> **Exercise brief**
Provide the count of lines below that include the word "Полый", without any accompanying remarks.

> **Extracted information**
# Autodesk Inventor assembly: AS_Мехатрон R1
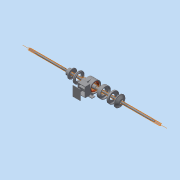
[picture p0: Inventor's stored thumbnail of the model, 180x180]
Saved by Autodesk Inventor 2016 SP1 (Build 200210100, 210)
## iProperties
Created: 2016-04-25
Part Number: AS_Мехатрон R1
Material: Типовые
Document SubType Name: Assembly
Designer: AS
Author: AS
## Documents named in this file (9)
- D:\D_мои документы\Алексей\Мехатрон\AS_Мехатрон R1.iam
- D:\D_мои документы\Алексей\Мехатрон\Vint.ipt
- D:\D_мои документы\Алексей\Мехатрон\2 крышка.ipt
- D:\D_мои документы\Алексей\Мехатрон\Деталь 3.ipt
- D:\D_мои документы\Алексей\Мехатрон\Деталь 4.ipt
- D:\D_мои документы\Алексей\Мехатрон\Деталь 5.ipt
- D:\D_мои документы\Алексей\Мехатрон\Деталь 6.ipt
- D:\D_мои документы\Алексей\Мехатрон\Полый вал.iam
- D:\D_мои документы\Алексей\Мехатрон\Корпус 1 сборка.iam
## Components (8 placed, 8 different names)
1. Vint:1 — Совмещение:1
2. 2 крышка:1 — Заподлицо:2, Совмещение:3
3. Деталь 3:1 — Заподлицо:4, Совмещение:4
4. Деталь 4:1 — Заподлицо:5, Совмещение:5, Совмещение:7
5. Деталь 5:1 — Заподлицо:6, Совмещение:6
6. Деталь 6:1 — Заподлицо:7, Совмещение:7
7. Полый вал:1 [sub-assembly] — Совмещение:9
8. Корпус 1 сборка:1 [sub-assembly] — Совмещение:10, Заподлицо:8, Заподлицо:9
## Relationships (15: Mate 8, Flush 7)
- Совмещение:1 [Mate]: Vint:1
- Заподлицо:2 [Flush]: 2 крышка:1
- Совмещение:3 [Mate]: 2 крышка:1
- Заподлицо:4 [Flush]: Деталь 3:1
- Совмещение:4 [Mate]: Деталь 3:1
- Заподлицо:5 [Flush]: Деталь 4:1
- Совмещение:5 [Mate]: Деталь 4:1
- Заподлицо:6 [Flush]: Деталь 5:1
- Совмещение:6 [Mate]: Деталь 5:1
- Заподлицо:7 [Flush]: Деталь 6:1
- Совмещение:7 [Mate]: Деталь 4:1 ↔ Деталь 6:1
- Совмещение:9 [Mate]: Полый вал:1
- Совмещение:10 [Mate]: Корпус 1 сборка:1
- Заподлицо:8 [Flush]: Корпус 1 сборка:1
- Заподлицо:9 [Flush]: Корпус 1 сборка:1

> **Exercise response**
3